Saturday, September 15, 2007

Einstein, Spock, and Pie

This is one of the wallpapers on this laptop. Each of these people -- and yes, I know one's fictional -- is a hero of mine. Each regarded the cosmos as ultimately knowable.

The magazines and books are starting to pile up again, which never used to happen to me -- and as a result of one, I got to thinking about stasis fields. If you're not a sci-fi fan, here's an explanation: a stasis field is a method of preventing change to whatever is within it. It can be thought of as a fog; inside the fog, milk doesn't go bad, people don't age, things don't decay. Essentially, entropy ceases. I wondered, briefly (there's that ADD again) how a stasis field might work, and for some reason that led me to wondering how one of the 'bio-beds' in Star Trek would work. That's more 'wouldn't this be cool' stuff. Those are more than beds; at a minimum, they execute non-invasive evaluations of the physical systems of the person in the bed, and, in an advanced mode, affect the state of those systems. Someone who's ill and untreatable at the moment could be put into a biobed and the stasis field energized, at which point they're 'frozen in time'. Need an oxygen-saturated atmosphere? The bed can provide a non-permeable shield around the occupant, with oxygen kept at high saturation inside. Very gee-whiz stuff.

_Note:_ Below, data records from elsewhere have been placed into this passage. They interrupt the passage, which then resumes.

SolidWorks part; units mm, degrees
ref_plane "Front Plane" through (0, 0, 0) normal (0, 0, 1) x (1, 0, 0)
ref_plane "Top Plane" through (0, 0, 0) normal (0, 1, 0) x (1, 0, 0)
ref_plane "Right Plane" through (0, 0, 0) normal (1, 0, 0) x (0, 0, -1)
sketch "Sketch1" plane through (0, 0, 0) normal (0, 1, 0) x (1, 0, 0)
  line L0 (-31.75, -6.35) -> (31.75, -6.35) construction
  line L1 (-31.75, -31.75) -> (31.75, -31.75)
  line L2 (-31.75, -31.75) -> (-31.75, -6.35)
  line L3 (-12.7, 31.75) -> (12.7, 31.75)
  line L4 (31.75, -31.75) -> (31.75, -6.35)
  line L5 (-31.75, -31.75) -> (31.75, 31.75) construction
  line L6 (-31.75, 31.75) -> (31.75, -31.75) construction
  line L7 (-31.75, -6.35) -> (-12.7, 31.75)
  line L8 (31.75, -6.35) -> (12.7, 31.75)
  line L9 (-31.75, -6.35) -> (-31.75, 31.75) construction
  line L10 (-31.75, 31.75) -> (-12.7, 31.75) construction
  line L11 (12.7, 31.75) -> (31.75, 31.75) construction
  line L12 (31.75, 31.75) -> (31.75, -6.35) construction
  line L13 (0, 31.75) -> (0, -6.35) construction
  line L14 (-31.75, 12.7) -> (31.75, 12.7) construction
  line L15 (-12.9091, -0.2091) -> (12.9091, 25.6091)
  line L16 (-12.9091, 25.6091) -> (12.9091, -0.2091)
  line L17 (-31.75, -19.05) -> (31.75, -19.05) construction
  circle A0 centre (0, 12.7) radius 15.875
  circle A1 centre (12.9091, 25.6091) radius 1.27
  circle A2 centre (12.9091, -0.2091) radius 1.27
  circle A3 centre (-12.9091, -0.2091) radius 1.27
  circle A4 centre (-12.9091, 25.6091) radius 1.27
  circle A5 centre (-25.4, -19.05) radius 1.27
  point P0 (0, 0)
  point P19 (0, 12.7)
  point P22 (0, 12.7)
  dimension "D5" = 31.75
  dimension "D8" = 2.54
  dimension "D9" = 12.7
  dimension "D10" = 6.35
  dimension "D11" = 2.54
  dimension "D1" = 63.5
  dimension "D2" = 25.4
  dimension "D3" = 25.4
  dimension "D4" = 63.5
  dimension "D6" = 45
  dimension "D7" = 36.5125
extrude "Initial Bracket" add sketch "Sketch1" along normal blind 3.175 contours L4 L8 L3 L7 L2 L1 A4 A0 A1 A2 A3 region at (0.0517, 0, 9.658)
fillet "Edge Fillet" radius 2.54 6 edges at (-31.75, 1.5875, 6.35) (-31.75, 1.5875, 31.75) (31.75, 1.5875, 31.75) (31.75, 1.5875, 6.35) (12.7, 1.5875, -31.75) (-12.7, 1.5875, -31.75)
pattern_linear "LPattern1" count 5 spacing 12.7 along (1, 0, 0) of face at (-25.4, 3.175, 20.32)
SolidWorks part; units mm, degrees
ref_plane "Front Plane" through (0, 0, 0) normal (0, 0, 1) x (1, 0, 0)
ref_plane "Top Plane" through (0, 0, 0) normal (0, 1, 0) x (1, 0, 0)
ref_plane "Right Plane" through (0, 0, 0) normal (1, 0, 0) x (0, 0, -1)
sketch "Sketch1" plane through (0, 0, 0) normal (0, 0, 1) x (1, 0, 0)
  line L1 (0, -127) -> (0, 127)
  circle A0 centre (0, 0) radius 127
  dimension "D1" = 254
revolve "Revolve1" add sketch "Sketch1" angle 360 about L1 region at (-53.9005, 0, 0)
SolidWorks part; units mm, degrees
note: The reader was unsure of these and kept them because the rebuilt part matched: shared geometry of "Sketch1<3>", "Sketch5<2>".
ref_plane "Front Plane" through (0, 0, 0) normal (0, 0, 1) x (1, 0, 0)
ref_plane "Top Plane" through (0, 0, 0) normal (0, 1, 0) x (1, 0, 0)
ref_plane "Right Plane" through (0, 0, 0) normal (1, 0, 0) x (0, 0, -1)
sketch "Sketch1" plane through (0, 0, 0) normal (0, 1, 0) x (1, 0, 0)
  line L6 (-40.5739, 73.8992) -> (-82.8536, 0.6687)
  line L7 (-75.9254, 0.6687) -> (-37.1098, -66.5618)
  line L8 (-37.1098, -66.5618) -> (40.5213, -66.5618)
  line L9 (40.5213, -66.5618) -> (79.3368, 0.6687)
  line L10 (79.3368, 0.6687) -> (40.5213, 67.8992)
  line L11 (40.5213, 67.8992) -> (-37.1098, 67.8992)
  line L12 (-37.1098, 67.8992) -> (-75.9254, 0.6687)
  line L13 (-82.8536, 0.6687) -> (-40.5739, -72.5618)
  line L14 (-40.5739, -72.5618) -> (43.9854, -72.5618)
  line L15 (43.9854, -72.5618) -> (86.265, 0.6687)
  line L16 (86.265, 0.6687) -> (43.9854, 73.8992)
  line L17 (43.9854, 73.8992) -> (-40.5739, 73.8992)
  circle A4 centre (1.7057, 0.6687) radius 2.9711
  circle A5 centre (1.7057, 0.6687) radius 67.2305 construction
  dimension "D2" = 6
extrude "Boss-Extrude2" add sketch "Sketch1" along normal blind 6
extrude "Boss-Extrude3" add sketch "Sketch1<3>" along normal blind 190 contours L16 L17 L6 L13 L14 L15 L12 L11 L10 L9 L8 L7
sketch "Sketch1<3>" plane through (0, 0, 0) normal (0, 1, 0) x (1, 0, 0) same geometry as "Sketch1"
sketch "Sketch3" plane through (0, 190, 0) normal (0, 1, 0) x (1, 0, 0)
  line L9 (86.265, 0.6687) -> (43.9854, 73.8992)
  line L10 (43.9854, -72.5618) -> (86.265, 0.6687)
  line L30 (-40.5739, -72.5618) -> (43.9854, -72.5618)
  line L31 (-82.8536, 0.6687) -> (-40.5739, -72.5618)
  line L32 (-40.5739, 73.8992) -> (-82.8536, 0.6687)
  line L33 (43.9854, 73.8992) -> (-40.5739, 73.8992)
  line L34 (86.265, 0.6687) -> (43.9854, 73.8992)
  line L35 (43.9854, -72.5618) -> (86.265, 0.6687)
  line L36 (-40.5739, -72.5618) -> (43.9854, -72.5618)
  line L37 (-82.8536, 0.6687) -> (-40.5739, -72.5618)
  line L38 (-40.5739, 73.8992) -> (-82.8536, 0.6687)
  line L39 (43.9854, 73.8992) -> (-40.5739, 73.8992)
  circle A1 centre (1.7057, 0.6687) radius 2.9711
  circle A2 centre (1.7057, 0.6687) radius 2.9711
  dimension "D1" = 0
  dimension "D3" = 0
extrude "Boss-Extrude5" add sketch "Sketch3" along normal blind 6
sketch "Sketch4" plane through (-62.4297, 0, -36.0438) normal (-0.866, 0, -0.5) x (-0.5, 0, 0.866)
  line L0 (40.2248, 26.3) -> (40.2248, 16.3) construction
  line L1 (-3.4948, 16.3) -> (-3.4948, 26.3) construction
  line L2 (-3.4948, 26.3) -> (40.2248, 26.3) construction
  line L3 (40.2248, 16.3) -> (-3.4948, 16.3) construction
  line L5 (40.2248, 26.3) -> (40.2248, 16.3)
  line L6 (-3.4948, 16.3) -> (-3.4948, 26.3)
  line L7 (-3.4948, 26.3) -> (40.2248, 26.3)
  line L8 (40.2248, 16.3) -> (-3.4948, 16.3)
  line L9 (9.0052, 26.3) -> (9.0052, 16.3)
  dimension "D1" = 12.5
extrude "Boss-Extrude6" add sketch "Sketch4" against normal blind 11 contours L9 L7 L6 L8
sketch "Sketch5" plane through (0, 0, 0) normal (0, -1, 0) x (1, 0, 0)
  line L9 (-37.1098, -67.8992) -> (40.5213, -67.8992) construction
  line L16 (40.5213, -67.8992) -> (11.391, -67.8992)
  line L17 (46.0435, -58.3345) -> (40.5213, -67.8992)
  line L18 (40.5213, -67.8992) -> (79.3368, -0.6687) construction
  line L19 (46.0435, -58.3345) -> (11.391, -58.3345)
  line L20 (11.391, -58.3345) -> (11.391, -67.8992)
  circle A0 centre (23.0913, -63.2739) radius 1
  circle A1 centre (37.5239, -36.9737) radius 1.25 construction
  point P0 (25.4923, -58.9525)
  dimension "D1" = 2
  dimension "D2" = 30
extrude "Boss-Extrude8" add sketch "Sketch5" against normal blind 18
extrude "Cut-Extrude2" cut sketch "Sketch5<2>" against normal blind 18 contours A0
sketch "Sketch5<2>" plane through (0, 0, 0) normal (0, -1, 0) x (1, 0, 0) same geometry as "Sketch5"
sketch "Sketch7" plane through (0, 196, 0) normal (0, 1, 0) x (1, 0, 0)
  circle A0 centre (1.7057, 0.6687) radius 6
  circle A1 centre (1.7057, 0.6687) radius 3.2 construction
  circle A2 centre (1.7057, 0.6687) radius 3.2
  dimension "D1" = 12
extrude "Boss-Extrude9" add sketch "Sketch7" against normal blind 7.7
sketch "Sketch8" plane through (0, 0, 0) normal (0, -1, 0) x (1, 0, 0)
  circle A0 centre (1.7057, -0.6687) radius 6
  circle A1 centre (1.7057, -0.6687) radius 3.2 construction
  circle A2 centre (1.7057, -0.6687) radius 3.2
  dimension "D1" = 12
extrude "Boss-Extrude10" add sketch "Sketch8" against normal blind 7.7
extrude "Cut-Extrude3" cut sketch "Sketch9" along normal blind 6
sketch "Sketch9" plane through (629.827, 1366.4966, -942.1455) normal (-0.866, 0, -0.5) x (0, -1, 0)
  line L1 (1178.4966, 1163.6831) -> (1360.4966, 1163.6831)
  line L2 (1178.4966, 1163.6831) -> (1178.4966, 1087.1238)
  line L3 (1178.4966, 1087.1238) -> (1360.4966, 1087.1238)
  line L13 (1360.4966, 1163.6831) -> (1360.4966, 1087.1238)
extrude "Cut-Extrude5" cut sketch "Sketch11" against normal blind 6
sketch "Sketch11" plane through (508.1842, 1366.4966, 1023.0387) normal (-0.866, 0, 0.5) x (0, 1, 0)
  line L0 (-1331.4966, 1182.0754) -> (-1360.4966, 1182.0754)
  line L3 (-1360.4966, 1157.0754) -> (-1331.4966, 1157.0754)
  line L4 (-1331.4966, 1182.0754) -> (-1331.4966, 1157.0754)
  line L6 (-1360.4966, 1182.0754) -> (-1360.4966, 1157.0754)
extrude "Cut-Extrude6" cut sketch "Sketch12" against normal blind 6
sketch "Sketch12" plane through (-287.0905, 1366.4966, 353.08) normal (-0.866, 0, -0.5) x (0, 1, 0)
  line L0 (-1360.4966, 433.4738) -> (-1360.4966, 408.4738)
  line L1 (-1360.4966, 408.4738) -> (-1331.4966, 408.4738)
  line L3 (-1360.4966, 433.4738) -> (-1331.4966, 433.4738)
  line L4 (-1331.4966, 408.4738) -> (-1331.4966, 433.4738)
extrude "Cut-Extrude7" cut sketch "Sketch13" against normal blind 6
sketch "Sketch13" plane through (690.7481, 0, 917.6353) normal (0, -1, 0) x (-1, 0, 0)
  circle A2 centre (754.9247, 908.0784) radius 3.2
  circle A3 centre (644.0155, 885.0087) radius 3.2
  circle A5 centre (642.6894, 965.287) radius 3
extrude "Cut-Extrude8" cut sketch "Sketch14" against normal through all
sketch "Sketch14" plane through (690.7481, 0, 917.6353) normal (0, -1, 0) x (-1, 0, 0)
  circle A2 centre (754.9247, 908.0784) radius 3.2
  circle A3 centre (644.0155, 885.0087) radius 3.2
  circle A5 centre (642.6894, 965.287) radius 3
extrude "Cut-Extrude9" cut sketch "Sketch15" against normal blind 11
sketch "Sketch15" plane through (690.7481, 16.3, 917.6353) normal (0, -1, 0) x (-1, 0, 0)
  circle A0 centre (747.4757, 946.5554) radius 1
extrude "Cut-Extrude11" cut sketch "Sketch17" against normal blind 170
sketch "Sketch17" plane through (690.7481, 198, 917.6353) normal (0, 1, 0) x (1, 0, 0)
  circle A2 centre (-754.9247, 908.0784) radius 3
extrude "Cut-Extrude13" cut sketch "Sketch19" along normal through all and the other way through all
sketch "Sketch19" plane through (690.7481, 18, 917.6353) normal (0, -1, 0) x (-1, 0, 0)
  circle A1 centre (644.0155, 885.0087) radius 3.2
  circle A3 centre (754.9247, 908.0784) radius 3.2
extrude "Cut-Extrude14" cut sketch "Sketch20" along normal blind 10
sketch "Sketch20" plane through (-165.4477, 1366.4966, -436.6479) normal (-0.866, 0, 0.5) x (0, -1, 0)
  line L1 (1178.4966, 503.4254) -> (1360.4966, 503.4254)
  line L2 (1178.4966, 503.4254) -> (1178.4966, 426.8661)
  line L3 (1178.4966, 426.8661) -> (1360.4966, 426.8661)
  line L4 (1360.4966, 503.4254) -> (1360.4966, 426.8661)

I wondered, briefly, how one would work, and got the very vaguest outlines in my mind -- well, for blood pressure, you'd need a way to measure the pressure of a vessel without touching it; perhaps something to do with the elastisticity of the vessel under pressure and not (ie, systolic and diastolic)? Could some kind of spectrum analysis show that? --- and then I started thinking about something else -- in this case, the pie shell that I need to make some time next week. Been a while since I've done that.

But still -- that fake tech stuff is fun to think about, isn't it?